This innovative microbattery based on an inspired digression in the lab is  bringing home major awards. But development of this technology holds its greatest promise as a building block for large batteries powering automobiles and storing power generated by wind, solar, and other renewable energy systems. Judging by the acclaim it is receiving, the invention could revolutionize battery technology.

“Hopefully I can live long enough to see it mature and succeed to collect some royalties on it,” Ed joked, before adding seriously, “Honors, awards, and royalty payments are fine, but the humanitarian goals of moving green technologies forward and contributing to NREL’s mission of a better energy future is my real reward.”

He recently transferred to NREL’s Legal Department, where his vast technical perspectives and experience in the renewable energy field with respect to patent preparation and prosecution are utilized. In addition, he continues to direct research on a number of projects, and this self-described “consummate experimentalist” said he still feels most at home in the lab.

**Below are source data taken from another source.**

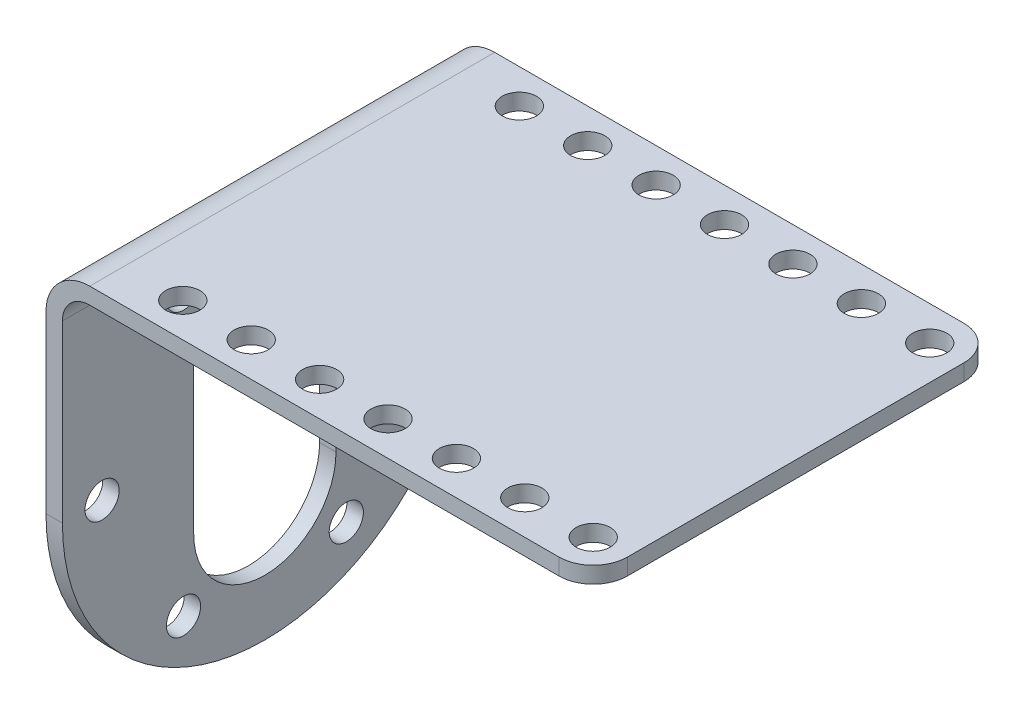
SolidWorks part; units mm, degrees
ref_plane "Front Plane" through (0, 0, 0) normal (0, 0, 1) x (1, 0, 0)
ref_plane "Top Plane" through (0, 0, 0) normal (0, 1, 0) x (1, 0, 0)
ref_plane "Right Plane" through (0, 0, 0) normal (1, 0, 0) x (0, 0, -1)
sketch "Sketch1" plane through (0, 0, 0) normal (0, 0, 1) x (1, 0, 0)
  line L0 (0, 0) -> (0, 35.052)
  line L1 (4.064, 39.116) -> (50.8, 39.116)
  line L2 (50.8, 39.116) -> (50.8, 37.592)
  line L3 (50.8, 37.592) -> (4.064, 37.592)
  line L4 (1.524, 35.052) -> (1.524, 0)
  line L5 (1.524, 0) -> (0, 0)
  arc A0 (4.064, 37.592) -> (1.524, 35.052) centre (4.064, 35.052) ccw
  arc A1 (0, 35.052) -> (4.064, 39.116) centre (4.064, 35.052) cw
  point P6 (50.8, 39.116)
  point P8 (51.4773, 38.9572)
  point P11 (1.524, 37.592)
  dimension "D4" = 2.54
  dimension "D1" = 1.524
  dimension "D2" = 37.592
  dimension "D3" = 49.276
extrude "Boss-Extrude1" add sketch "Sketch1" along normal mid plane 37.592
sketch "Sketch2" plane through (0, 0, 0) normal (-1, 0, 0) x (0, 0, 1)
  line L4 (-18.796, 35.052) -> (-18.796, 0)
  line L5 (-18.796, 0) -> (18.796, 0)
  line L6 (18.796, 0) -> (18.796, 35.052)
  line L7 (18.796, 35.052) -> (-18.796, 35.052)
  line L8 (-18.796, 18.796) -> (-18.796, 0)
  line L9 (-18.796, 0) -> (18.796, 0)
  line L10 (18.796, 0) -> (18.796, 18.796)
  line L12 (18.796, 35.052) -> (-18.796, 35.052)
  arc A0 (-18.796, 18.796) -> (18.796, 18.796) centre (0, 18.796) ccw
  point P2 (0, 0)
  line M6 (-18.796, 35.052) -> (-18.796, 0)
  line M7 (-18.796, 0) -> (18.796, 0)
  line M8 (18.796, 0) -> (18.796, 35.052)
  dimension "D1" = 0
extrude "Cut-Extrude1" cut sketch "Sketch2" against normal through all contours A0 M6 M7 | A0 L9 M8
sketch "Sketch3" plane through (0, 0, 0) normal (-1, 0, 0) x (0, 0, 1)
  line L0 (0, 11.811) -> (0, 25.781) construction
  line L1 (-6.604, 11.811) -> (-6.604, 25.781)
  line L2 (6.604, 11.811) -> (6.604, 25.781)
  arc A0 (-6.604, 11.811) -> (6.604, 11.811) centre (0, 11.811) ccw
  arc A1 (6.604, 25.781) -> (-6.604, 25.781) centre (0, 25.781) ccw
  arc A2 (-18.796, 18.796) -> (18.796, 18.796) centre (0, 18.796) ccw construction
  point P3 (0, 18.796)
  dimension "D1" = 13.208
  dimension "D2" = 13.97
extrude "Cut-Extrude2" cut sketch "Sketch3" against normal through all
sketch "Sketch4" plane through (0, 0, 0) normal (-1, 0, 0) x (0, 0, 1)
  line L1 (15.113, 18.796) -> (7.5565, 31.8842) construction
  line L2 (7.5565, 31.8842) -> (-7.5565, 31.8842) construction
  line L3 (-7.5565, 31.8842) -> (-15.113, 18.796) construction
  line L4 (-15.113, 18.796) -> (-7.5565, 5.7078) construction
  line L5 (-7.5565, 5.7078) -> (7.5565, 5.7078) construction
  line L6 (7.5565, 5.7078) -> (15.113, 18.796) construction
  circle A0 centre (0, 18.796) radius 13.0882 construction
  arc A1 (-18.796, 18.796) -> (18.796, 18.796) centre (0, 18.796) ccw construction
  point P1 (0, 19.6498)
  point P12 (8.049, 4.8547)
  dimension "D1" = 15.113
hole_wizard "1/8 (0.125) Diameter Hole2" positions "3DSketch1" profile "Sketch6" hole size "1/8" standard "ANSI Inch" end condition through all
sketch3d "3DSketch1"
  point P0 (0, 31.8842, -7.5565)
  point P3 (0, 31.8842, 7.5565)
  point P6 (0, 18.796, 15.113)
  point P9 (0, 5.7078, 7.5565)
  point P12 (0, 5.7078, -7.5565)
  point P15 (0, 18.796, -15.113)
sketch "Sketch6" plane through (0, 31.8842, -7.5565) normal (0, 1, 0) x (0, 0, 1)
  line L0 (0, 0) -> (0, 50.8)
  line L1 (0, 50.8) -> (1.5875, 50.8)
  line L2 (1.5875, 50.8) -> (1.5875, 0)
  line L5 (1.5875, 0) -> (0, 0)
  line L11 (0, -6.35) -> (0, 107.95) construction
  dimension "Thru Hole Dia." = 3.175
  dimension "Thru Hole Depth" = 50.8
fillet "Fillet1" radius 3.175 2 edges at (50.8, 38.354, -18.796) (50.8, 38.354, 18.796)
sketch "Sketch7" plane through (0, 39.116, 0) normal (0, 1, 0) x (1, 0, 0)
  line L0 (0, 0) -> (47.625, 0) construction
  line L1 (47.625, -15.621) -> (47.625, 15.621) construction
  line L2 (50.8, -15.621) -> (50.8, 15.621) construction
  point P5 (47.625, 0)
  dimension "D1" = 31.242
  dimension "D2" = 3.175
hole_wizard "1/8 (0.125) Diameter Hole1" positions "3DSketch2" profile "Sketch8" hole size "1/8" standard "ANSI Inch" end condition through all
sketch3d "3DSketch2"
  point P0 (47.625, 39.116, -15.621)
sketch "Sketch8" plane through (47.625, 39.116, -15.621) normal (1, 0, 0) x (0, 0, 1)
  line L0 (0, 0) -> (0, 39.116)
  line L1 (0, 39.116) -> (1.5875, 39.116)
  line L2 (1.5875, 39.116) -> (1.5875, 0)
  line L5 (1.5875, 0) -> (0, 0)
  line L11 (0, -6.35) -> (0, 107.95) construction
  dimension "Thru Hole Dia." = 3.175
  dimension "Thru Hole Depth" = 39.116
pattern_linear "LPattern1" count 7 spacing 6.35 along (-1, 0, 0) of "1/8 (0.125) Diameter Hole1"
mirror "Mirror1" about plane through (0, 0, 0) normal (0, 0, 1) of "LPattern1", "1/8 (0.125) Diameter Hole1"
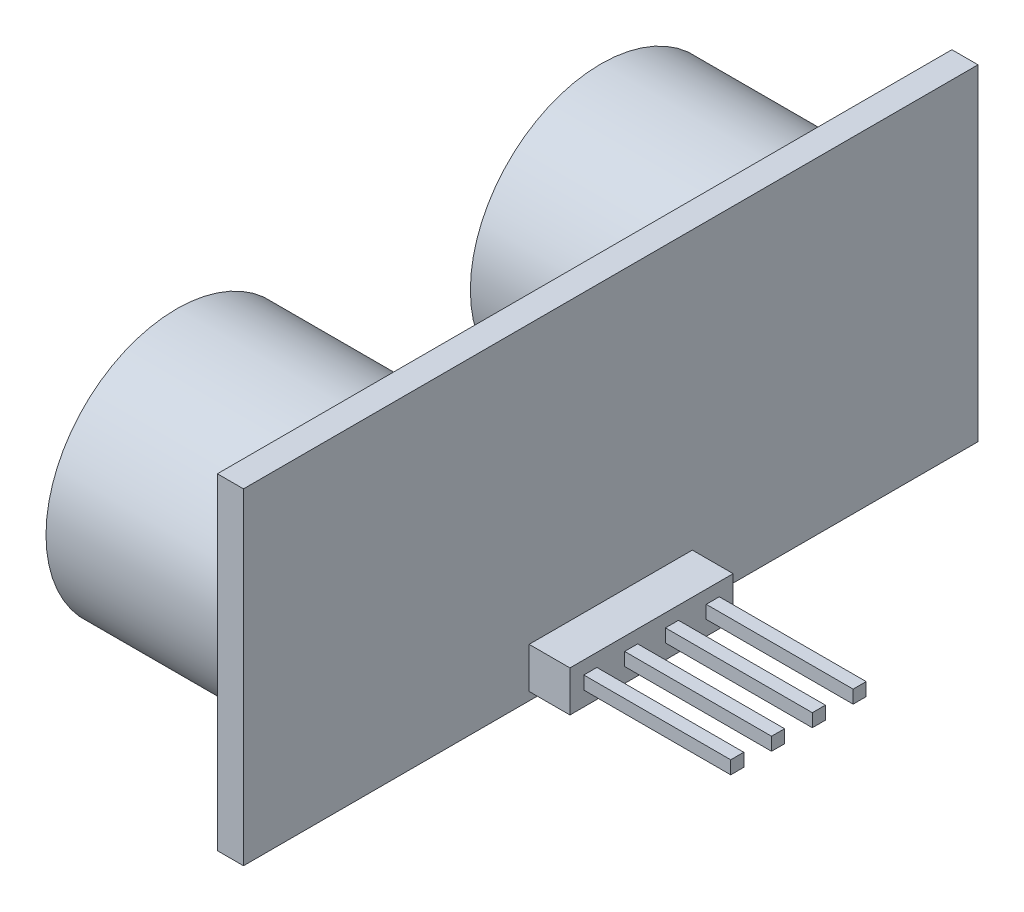
SolidWorks part; units mm, degrees
ref_plane "Front Plane" through (0, 0, 0) normal (0, 0, 1) x (1, 0, 0)
ref_plane "Top Plane" through (0, 0, 0) normal (0, 1, 0) x (1, 0, 0)
ref_plane "Right Plane" through (0, 0, 0) normal (1, 0, 0) x (0, 0, -1)
sketch "Sketch1" plane through (0, 0, 0) normal (0, 0, 1) x (1, 0, 0)
  line L1 (-0.8, -10) -> (0.8, -10)
  line L2 (-0.8, -10) -> (-0.8, 10)
  line L3 (-0.8, 10) -> (0.8, 10)
  line L4 (0.8, -10) -> (0.8, 10)
  line L5 (-0.8, -10) -> (0.8, 10) construction
  line L6 (-0.8, 10) -> (0.8, -10) construction
  point P0 (0, 0)
  dimension "D1" = 1.6
  dimension "D2" = 20
extrude "Boss-Extrude1" add sketch "Sketch1" along normal blind 45
sketch "Sketch2" plane through (0.8, 0, 0) normal (1, 0, 0) x (0, 0, -1)
  line L0 (0, -10) -> (0, 10) construction
  line L1 (-27.5, -7) -> (-17.5, -7)
  line L2 (-27.5, -7) -> (-27.5, -9.5)
  line L3 (-27.5, -9.5) -> (-17.5, -9.5)
  line L4 (-17.5, -7) -> (-17.5, -9.5)
  line L5 (-27.5, -7) -> (-17.5, -9.5) construction
  line L6 (-27.5, -9.5) -> (-17.5, -7) construction
  line L7 (-45, -10) -> (0, -10) construction
  point P0 (-22.5, -8.25)
  dimension "D1" = 2.5
  dimension "D2" = 10
  dimension "D3" = 22.5
  dimension "D4" = 0.5
extrude "Boss-Extrude2" add sketch "Sketch2" along normal blind 2.5
sketch "Sketch3" plane through (3.3, -6.2, 0) normal (-1, 0, 0) x (0, -1, 0)
  line L1 (1.6009, 26.65) -> (2.4009, 26.65)
  line L2 (1.6009, 26.65) -> (1.6009, 25.85)
  line L3 (1.6009, 25.85) -> (2.4009, 25.85)
  line L4 (2.4009, 26.65) -> (2.4009, 25.85)
  line L5 (1.6009, 26.65) -> (2.4009, 25.85) construction
  line L6 (1.6009, 25.85) -> (2.4009, 26.65) construction
  line L7 (1.6009, 24.15) -> (2.4009, 24.15)
  line L8 (1.6009, 24.15) -> (1.6009, 23.35)
  line L9 (1.6009, 23.35) -> (2.4009, 23.35)
  line L10 (2.4009, 24.15) -> (2.4009, 23.35)
  line L11 (1.6009, 24.15) -> (2.4009, 23.35) construction
  line L12 (1.6009, 23.35) -> (2.4009, 24.15) construction
  line L13 (1.6009, 21.65) -> (2.4009, 21.65)
  line L14 (1.6009, 21.65) -> (1.6009, 20.85)
  line L15 (1.6009, 20.85) -> (2.4009, 20.85)
  line L16 (2.4009, 21.65) -> (2.4009, 20.85)
  line L17 (1.6009, 21.65) -> (2.4009, 20.85) construction
  line L18 (1.6009, 20.85) -> (2.4009, 21.65) construction
  line L19 (1.6009, 19.15) -> (2.4009, 19.15)
  line L20 (1.6009, 19.15) -> (1.6009, 18.35)
  line L21 (1.6009, 18.35) -> (2.4009, 18.35)
  line L22 (2.4009, 19.15) -> (2.4009, 18.35)
  line L23 (1.6009, 19.15) -> (2.4009, 18.35) construction
  line L24 (1.6009, 18.35) -> (2.4009, 19.15) construction
  line L25 (0.8, 27.5) -> (3.3, 27.5) construction
  point P0 (2.0009, 26.25)
  point P8 (2.0009, 23.75)
  point P13 (2.0009, 21.25)
  point P18 (2.0009, 18.75)
  dimension "D1" = 0.8
  dimension "D2" = 0.8
  dimension "D3" = 1.25
  dimension "D4" = 4
extrude "Boss-Extrude3" add sketch "Sketch3" against normal blind 9
sketch "Sketch4" plane through (-0.8, 0, 0) normal (-1, 0, 0) x (0, 0, 1)
  line L0 (45, -10) -> (0, -10) construction
  line L1 (22.5, -10) -> (22.5, -7.8646) construction
  circle A0 centre (9.5, 0) radius 8
  circle A1 centre (35.5, 0) radius 8
  dimension "D1" = 16
  dimension "D2" = 16
  dimension "D3" = 10
  dimension "D4" = 26
  dimension "D5" = 13
extrude "Boss-Extrude4" add sketch "Sketch4" along normal blind 12
sketch "Sketch5" plane through (-12.8, 0, 0) normal (-1, 0, 0) x (0, 0, 1)
  circle A5 centre (35.5, 0) radius 7
  circle A6 centre (35.5, 0) radius 7
  circle A7 centre (9.5, 0) radius 7
  circle A8 centre (9.5, 0) radius 7
  dimension "D1" = 1
  dimension "D2" = 1
extrude "Cut-Extrude1" cut sketch "Sketch5" against normal blind 1

He likes to playfully tease his lab colleagues—most of whom hold PhDs from MIT, Harvard, USC, Yale, and Michigan, to name just a few—that whereas their degrees cost them tens of thousands of dollars, his BA from TCNJ cost “a whopping $450 at the time,” he said.

“I am so deeply indebted to the College for providing me with such a well-balanced education, which has resulted in career accomplishments beyond my wildest expectations,” Ed said. “I’ve done all of this with nothing more than a BA from the College. I am convinced that I was educated and trained exceptionally well by some of the best teachers in the world.”

In this regard, he noted, he is highly indebted to Judson Fink, professor emeritus, who “taught me to enjoy as well understand the sophisticated concepts of physics.” “That,” Ed added, “money can’t buy.”

“I believe that if I went to any other college, I would never have accomplished as much as I have,” Ed continued. “I’m not knocking other institutions, but I hope the students at TCNJ realize that they are attending one of the finest small colleges in the country, and if they are diligent in their academic pursuit, the sky’s the limit.”

Finally, Ed lowered his voice and made it a point say, “I sure wish my father were alive to see what his son has accomplished with his hard-earned money spent at TCNJ.”